「おはようございます」
真剣に絵を描く背中に声をかけるのは少し迷ったけど、なんとなく良いタイミングで挨拶をした。
「あっ澪ちゃん!おはよう、ほんとに来てくれたんだね」
まあ、行かない理由はなかったし暇だったし。
「澪ちゃん今夏休み?」
そうです、と答えると、瀬田さんは俺もーと爽やかに笑った。

「よし、じゃあ写真見せてもらおうかな」
私はカメラを写真フォルダを開いて瀬田さんに渡した。前のSDカードも一応持って来たけど、それは渡さなかった。

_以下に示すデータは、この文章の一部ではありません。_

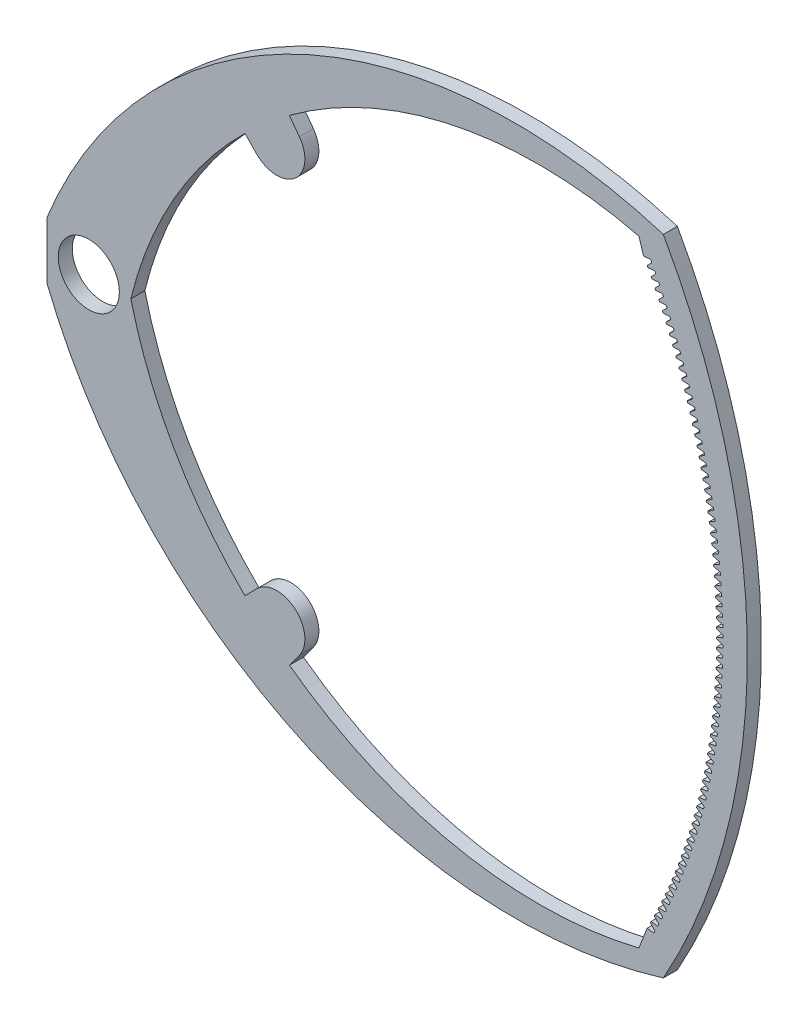
SolidWorks part; units mm, degrees
ref_plane "Plane1" through (0, 0, 0) normal (0, 0, 1) x (1, 0, 0)
ref_plane "Plane2" through (0, 0, 0) normal (0, 1, 0) x (1, 0, 0)
ref_plane "Plane3" through (0, 0, 0) normal (1, 0, 0) x (0, 0, -1)
sketch "Sketch3" plane through (0, 0, 0) normal (0, 0, 1) x (1, 0, 0)
  line L0 (0, 0) -> (305.6191, 0) construction
  line L2 (196.2779, 110) -> (205.0013, 114.8889) construction
  line L5 (-15, -10) -> (-15, 10)
  line L12 (55.7183, 71.4371) -> (59.917, 67.151)
  line L13 (59.917, 67.151) -> (75.1416, 80.1207) construction
  line L14 (75.1416, 80.1207) -> (71.5772, 84.9472)
  line L15 (71.5772, 84.9472) -> (38.0851, 60.2137) construction
  line L16 (55.7183, 71.4371) -> (7.4774, 24.1803) construction
  line L17 (75.1416, -80.1207) -> (71.5772, -84.9472)
  line L18 (55.7183, -71.4371) -> (59.917, -67.151)
  line L19 (226.2435, 1.7084) -> (223.986, 2.5016)
  line L20 (224, 0) -> (226.2485, 0.8184)
  line L21 (224.9781, 3.1415) -> (0, 0) construction
  line L22 (223.9782, 3.1275) -> (226.215, 3.9772)
  line L23 (226.1976, 4.8671) -> (223.9293, 5.6287)
  line L24 (223.9127, 6.2544) -> (226.1375, 7.1353)
  line L25 (226.1076, 8.0248) -> (223.8289, 8.7547)
  line L26 (223.8035, 9.3801) -> (226.0158, 10.292)
  line L27 (225.9736, 11.181) -> (223.6848, 11.879)
  line L28 (223.6507, 12.504) -> (225.8501, 13.4467)
  line L29 (225.7954, 14.335) -> (223.4971, 15.001)
  line L30 (223.4543, 15.6255) -> (225.6403, 16.5987)
  line L31 (225.5733, 17.4862) -> (223.2659, 18.12)
  line L32 (223.2144, 18.7438) -> (225.3866, 19.7475)
  line L33 (225.3071, 20.634) -> (222.9911, 21.2355)
  line L34 (222.9309, 21.8586) -> (225.0889, 22.8925)
  line L35 (224.9971, 23.7777) -> (222.6729, 24.3469)
  line L36 (222.604, 24.969) -> (224.7473, 26.033)
  line L37 (224.6431, 26.9169) -> (222.3113, 27.4535)
  line L38 (222.2337, 28.0746) -> (224.3619, 29.1684)
  line L39 (224.2454, 30.0508) -> (221.9063, 30.5548)
  line L40 (221.82, 31.1748) -> (223.9328, 32.2981)
  line L41 (223.804, 33.1788) -> (221.4581, 33.6501)
  line L42 (221.3632, 34.2688) -> (223.46, 35.4216)
  line L43 (223.3189, 36.3003) -> (220.9666, 36.7389)
  line L44 (220.8631, 37.3562) -> (222.9437, 38.5381)
  line L45 (222.7903, 39.4148) -> (220.4321, 39.8205)
  line L46 (220.32, 40.4363) -> (222.3839, 41.6471)
  line L47 (222.2183, 42.5216) -> (219.8547, 42.8943)
  line L48 (219.734, 43.5085) -> (221.7807, 44.748)
  line L49 (221.6029, 45.6201) -> (219.2343, 45.9598)
  line L50 (219.1051, 46.5722) -> (221.1343, 47.8402)
  line L51 (220.9444, 48.7097) -> (218.5713, 49.0163)
  line L52 (218.4335, 49.6269) -> (220.4448, 50.9231)
  line L53 (220.2428, 51.7899) -> (217.8656, 52.0632)
  line L54 (217.7193, 52.6718) -> (219.7123, 53.996)
  line L55 (219.4982, 54.8599) -> (217.1174, 55.1)
  line L56 (216.9626, 55.7065) -> (218.937, 57.0584)
  line L57 (218.7108, 57.9192) -> (216.327, 58.1261)
  line L58 (216.1637, 58.7304) -> (218.119, 60.1097)
  line L59 (217.8808, 60.9672) -> (215.4943, 61.1408)
  line L60 (215.3226, 61.7428) -> (217.2585, 63.1492)
  line L61 (217.0084, 64.0034) -> (214.6196, 64.1436)
  line L62 (214.4396, 64.7431) -> (216.3556, 66.1765)
  line L63 (216.0936, 67.0271) -> (213.7031, 67.1339)
  line L64 (213.5147, 67.7309) -> (215.4105, 69.1908)
  line L65 (215.1367, 70.0377) -> (212.745, 70.1112)
  line L66 (212.5482, 70.7054) -> (214.4235, 72.1917)
  line L67 (214.1378, 73.0346) -> (211.7453, 73.0747)
  line L68 (211.5403, 73.6661) -> (213.3946, 75.1785)
  line L69 (213.0972, 76.0173) -> (210.7044, 76.024)
  line L70 (210.4911, 76.6125) -> (212.3242, 78.1506)
  line L71 (212.0151, 78.9852) -> (209.6224, 78.9585)
  line L72 (209.401, 79.544) -> (211.2123, 81.1075)
  line L73 (210.8916, 81.9377) -> (208.4995, 81.8776)
  line L74 (208.2699, 82.4599) -> (210.0593, 84.0486)
  line L75 (209.727, 84.8742) -> (207.336, 84.7807)
  line L76 (207.0983, 85.3598) -> (208.8653, 86.9733)
  line L77 (208.5216, 87.7942) -> (206.1321, 87.6673)
  line L78 (205.8863, 88.243) -> (207.6306, 89.881)
  line L79 (207.2754, 90.6971) -> (204.888, 90.5368)
  line L80 (204.6342, 91.109) -> (206.3554, 92.7712)
  line L81 (205.9889, 93.5822) -> (203.6039, 93.3887)
  line L82 (203.3422, 93.9573) -> (205.04, 95.6433)
  line L83 (204.6622, 96.4492) -> (202.2802, 96.2223)
  line L84 (202.0105, 96.7872) -> (203.6847, 98.4968)
  line L85 (203.2956, 99.2973) -> (200.917, 99.0372)
  line L86 (200.6394, 99.5983) -> (202.2896, 101.3311)
  line L87 (201.8894, 102.1261) -> (199.5146, 101.8328)
  line L88 (199.2293, 102.3899) -> (200.8551, 104.1456)
  line L89 (200.4438, 104.9349) -> (198.0734, 104.6085)
  line L90 (197.7803, 105.1616) -> (196.2779, 110)
  line L91 (226.2453, -1.4506) -> (223.9991, -0.626)
  line L92 (223.9782, -3.1275) -> (226.2379, -2.3406)
  line L93 (226.203, -4.6094) -> (223.9686, -3.7534)
  line L94 (223.9127, -6.2544) -> (226.1832, -5.4992)
  line L95 (226.1166, -7.7672) -> (223.8943, -6.8801)
  line L96 (223.8035, -9.3801) -> (226.0843, -8.6566)
  line L97 (225.9861, -10.9235) -> (223.7764, -10.0055)
  line L98 (223.6507, -12.504) -> (225.9414, -11.8124)
  line L99 (225.8116, -14.0777) -> (223.6149, -13.1289)
  line L100 (223.4543, -15.6255) -> (225.7545, -14.9659)
  line L101 (225.593, -17.2292) -> (223.4098, -16.2498)
  line L102 (223.2144, -18.7438) -> (225.5235, -18.1165)
  line L103 (225.3305, -20.3773) -> (223.1612, -19.3675)
  line L104 (222.9309, -21.8586) -> (225.2486, -21.2635)
  line L105 (225.024, -23.5214) -> (222.869, -22.4814)
  line L106 (222.604, -24.969) -> (224.9297, -24.4064)
  line L107 (224.6737, -26.6609) -> (222.5334, -25.591)
  line L108 (222.2337, -28.0746) -> (224.5671, -27.5445)
  line L109 (224.2795, -29.7952) -> (222.1544, -28.6955)
  line L110 (221.82, -31.1748) -> (224.1606, -30.6773)
  line L111 (223.8417, -32.9238) -> (221.7321, -31.7945)
  line L112 (221.3632, -34.2688) -> (223.7104, -33.8041)
  line L113 (223.3602, -36.0459) -> (221.2665, -34.8873)
  line L114 (220.8631, -37.3562) -> (223.2166, -36.9242)
  line L115 (222.8351, -39.161) -> (220.7579, -37.9732)
  line L116 (220.32, -40.4363) -> (222.6793, -40.0372)
  line L117 (222.2666, -42.2684) -> (220.2062, -41.0518)
  line L118 (219.734, -43.5085) -> (222.0986, -43.1424)
  line L119 (221.6548, -45.3676) -> (219.6115, -44.1224)
  line L120 (219.1051, -46.5722) -> (221.4746, -46.2392)
  line L121 (220.9997, -48.458) -> (218.9741, -47.1843)
  line L122 (218.4335, -49.6269) -> (220.8074, -49.327)
  line L123 (220.3016, -51.5389) -> (218.2939, -50.2371)
  line L124 (217.7193, -52.6718) -> (220.0972, -52.4051)
  line L125 (219.5606, -54.6098) -> (217.5712, -53.28)
  line L126 (216.9626, -55.7065) -> (219.344, -55.473)
  line L127 (218.7767, -57.67) -> (216.8061, -56.3126)
  line L128 (216.1637, -58.7304) -> (218.5481, -58.5301)
  line L129 (217.9502, -60.719) -> (215.9987, -59.3342)
  line L130 (215.3226, -61.7428) -> (217.7096, -61.5759)
  line L131 (217.0811, -63.7561) -> (215.1492, -62.3442)
  line L132 (214.4396, -64.7431) -> (216.8287, -64.6096)
  line L133 (216.1698, -66.7808) -> (214.2578, -65.3421)
  line L134 (213.5147, -67.7309) -> (215.9054, -67.6307)
  line L135 (215.2163, -69.7925) -> (213.3246, -68.3272)
  line L136 (212.5482, -70.7054) -> (214.9401, -70.6386)
  line L137 (214.2209, -72.7906) -> (212.3498, -71.2991)
  line L138 (211.5403, -73.6661) -> (213.9329, -73.6327)
  line L139 (213.1837, -75.7745) -> (211.3336, -74.257)
  line L140 (210.4911, -76.6125) -> (212.884, -76.6125)
  line L141 (212.1049, -78.7436) -> (210.2762, -77.2004)
  line L142 (209.401, -79.544) -> (211.7935, -79.5774)
  line L143 (210.9848, -81.6974) -> (209.1779, -80.1288)
  line L144 (208.2699, -82.4599) -> (210.6618, -82.5267)
  line L145 (209.8236, -84.6352) -> (208.0387, -83.0416)
  line L146 (207.0983, -85.3598) -> (209.489, -85.46)
  line L147 (208.6215, -87.5566) -> (206.859, -85.9382)
  line L148 (205.8863, -88.243) -> (208.2754, -88.3766)
  line L149 (207.3786, -90.4608) -> (205.6389, -88.818)
  line L150 (204.6342, -91.109) -> (207.0212, -91.2759)
  line L151 (206.0954, -93.3475) -> (204.3788, -91.6805)
  line L152 (203.3422, -93.9573) -> (205.7266, -94.1575)
  line L153 (204.772, -96.2159) -> (203.0788, -94.5251)
  line L154 (202.0105, -96.7872) -> (204.3919, -97.0207)
  line L155 (203.4086, -99.0656) -> (201.7392, -97.3513)
  line L156 (200.6394, -99.5983) -> (203.0173, -99.865)
  line L157 (202.0056, -101.896) -> (200.3603, -100.1586)
  line L158 (199.2293, -102.3899) -> (201.6032, -102.6898)
  line L159 (199.2293, -102.3899) -> (196.2779, -110)
  arc A0 (205.0013, -114.8889) -> (205.0013, 114.8889) centre (0, 0) ccw
  arc A1 (220.8879, 48.9651) -> (225.6282, -16.7623) centre (0, 0) cw construction
  arc A2 (196.2779, 110) -> (196.2779, -110) centre (0, 0) cw construction
  circle A3 centre (0, 0) radius 10.9
  circle A4 centre (100, 0) radius 70 construction
  arc A5 (15, 0) -> (196.2779, 110) centre (160.6858, -35.7162) cw construction
  arc A6 (-15, 10) -> (205.0013, 114.8889) centre (152.0118, -57.1347) cw
  arc A7 (-15, -10) -> (205.0013, -114.8889) centre (152.0118, 57.1347) ccw
  arc A9 (15, 0) -> (55.7183, 71.4371) centre (160.6858, -35.7162) cw
  arc A10 (71.5772, 84.9472) -> (196.2779, 110) centre (160.6858, -35.7162) cw
  arc A11 (75.1416, 80.1207) -> (59.917, 67.151) centre (67.0779, 74.1658) cw
  arc A12 (100, 0) -> (46.366, 88.6013) centre (0, 0) ccw construction
  arc A13 (71.5772, -84.9472) -> (196.2779, -110) centre (160.6858, 35.7162) ccw
  arc A14 (75.1416, -80.1207) -> (59.917, -67.151) centre (67.0779, -74.1658) ccw
  arc A15 (15, 0) -> (55.7183, -71.4371) centre (160.6858, 35.7162) ccw
  arc A16 (223.2671, -18.1055) -> (218.4, 49.774) centre (0, 0) ccw construction
  arc A17 (223.9782, 3.1275) -> (223.986, 2.5016) centre (0, 0) cw
  arc A18 (226.2485, 0.8184) -> (226.2435, 1.7084) centre (0, 0) ccw
  arc A19 (226.215, 3.9772) -> (226.1976, 4.8671) centre (0, 0) ccw
  arc A20 (223.9127, 6.2544) -> (223.9293, 5.6287) centre (0, 0) cw
  arc A21 (226.1375, 7.1353) -> (226.1076, 8.0248) centre (0, 0) ccw
  arc A22 (223.8035, 9.3801) -> (223.8289, 8.7547) centre (0, 0) cw
  arc A23 (226.0158, 10.292) -> (225.9736, 11.181) centre (0, 0) ccw
  arc A24 (223.6507, 12.504) -> (223.6848, 11.879) centre (0, 0) cw
  arc A25 (225.8501, 13.4467) -> (225.7954, 14.335) centre (0, 0) ccw
  arc A26 (223.4543, 15.6255) -> (223.4971, 15.001) centre (0, 0) cw
  arc A27 (225.6403, 16.5987) -> (225.5733, 17.4862) centre (0, 0) ccw
  arc A28 (223.2144, 18.7438) -> (223.2659, 18.12) centre (0, 0) cw
  arc A29 (225.3866, 19.7475) -> (225.3071, 20.634) centre (0, 0) ccw
  arc A30 (222.9309, 21.8586) -> (222.9911, 21.2355) centre (0, 0) cw
  arc A31 (225.0889, 22.8925) -> (224.9971, 23.7777) centre (0, 0) ccw
  arc A32 (222.604, 24.969) -> (222.6729, 24.3469) centre (0, 0) cw
  arc A33 (224.7473, 26.033) -> (224.6431, 26.9169) centre (0, 0) ccw
  arc A34 (222.2337, 28.0746) -> (222.3113, 27.4535) centre (0, 0) cw
  arc A35 (224.3619, 29.1684) -> (224.2454, 30.0508) centre (0, 0) ccw
  arc A36 (221.82, 31.1748) -> (221.9063, 30.5548) centre (0, 0) cw
  arc A37 (223.9328, 32.2981) -> (223.804, 33.1788) centre (0, 0) ccw
  arc A38 (221.3632, 34.2688) -> (221.4581, 33.6501) centre (0, 0) cw
  arc A39 (223.46, 35.4216) -> (223.3189, 36.3003) centre (0, 0) ccw
  arc A40 (220.8631, 37.3562) -> (220.9666, 36.7389) centre (0, 0) cw
  arc A41 (222.9437, 38.5381) -> (222.7903, 39.4148) centre (0, 0) ccw
  arc A42 (220.32, 40.4363) -> (220.4321, 39.8205) centre (0, 0) cw
  arc A43 (222.3839, 41.6471) -> (222.2183, 42.5216) centre (0, 0) ccw
  arc A44 (219.734, 43.5085) -> (219.8547, 42.8943) centre (0, 0) cw
  arc A45 (221.7807, 44.748) -> (221.6029, 45.6201) centre (0, 0) ccw
  arc A46 (219.1051, 46.5722) -> (219.2343, 45.9598) centre (0, 0) cw
  arc A47 (221.1343, 47.8402) -> (220.9444, 48.7097) centre (0, 0) ccw
  arc A48 (218.4335, 49.6269) -> (218.5713, 49.0163) centre (0, 0) cw
  arc A49 (220.4448, 50.9231) -> (220.2428, 51.7899) centre (0, 0) ccw
  arc A50 (217.7193, 52.6718) -> (217.8656, 52.0632) centre (0, 0) cw
  arc A51 (219.7123, 53.996) -> (219.4982, 54.8599) centre (0, 0) ccw
  arc A52 (216.9626, 55.7065) -> (217.1174, 55.1) centre (0, 0) cw
  arc A53 (218.937, 57.0584) -> (218.7108, 57.9192) centre (0, 0) ccw
  arc A54 (216.1637, 58.7304) -> (216.327, 58.1261) centre (0, 0) cw
  arc A55 (218.119, 60.1097) -> (217.8808, 60.9672) centre (0, 0) ccw
  arc A56 (215.3226, 61.7428) -> (215.4943, 61.1408) centre (0, 0) cw
  arc A57 (217.2585, 63.1492) -> (217.0084, 64.0034) centre (0, 0) ccw
  arc A58 (214.4396, 64.7431) -> (214.6196, 64.1436) centre (0, 0) cw
  arc A59 (216.3556, 66.1765) -> (216.0936, 67.0271) centre (0, 0) ccw
  arc A60 (213.5147, 67.7309) -> (213.7031, 67.1339) centre (0, 0) cw
  arc A61 (215.4105, 69.1908) -> (215.1367, 70.0377) centre (0, 0) ccw
  arc A62 (212.5482, 70.7054) -> (212.745, 70.1112) centre (0, 0) cw
  arc A63 (214.4235, 72.1917) -> (214.1378, 73.0346) centre (0, 0) ccw
  arc A64 (211.5403, 73.6661) -> (211.7453, 73.0747) centre (0, 0) cw
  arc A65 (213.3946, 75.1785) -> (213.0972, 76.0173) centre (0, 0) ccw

勝手に見ていいの?という質問に、はい、と答えると、瀬田さんは一枚一枚じっくり写真を見ていった。

「なんか、なんだろ…ほんとまじで綺麗。語彙力なくて綺麗って言葉しか出てこないんだけど、すごい心が浄化される気がする」
綺麗な写真を見ると心が綺麗になる気がするのはすごくわかる。芸術は人の心を動かす。
でも、自分の写真が対象になると腑に落ちない。
「これ入選したやつだよね。うつってるのこの前来てた妹さん?」
海がランドセルを背負ってはしゃいでいる。始業式の帰りにお母さんと海がお花見に行くと言うので私もついて行った時に撮った。
はい、と言うと、かわいいと瀬川さんはつぶやいた。
「写真家さんみたいだね」
反応に困って少し首を振ると、ふふと瀬川さんが笑った。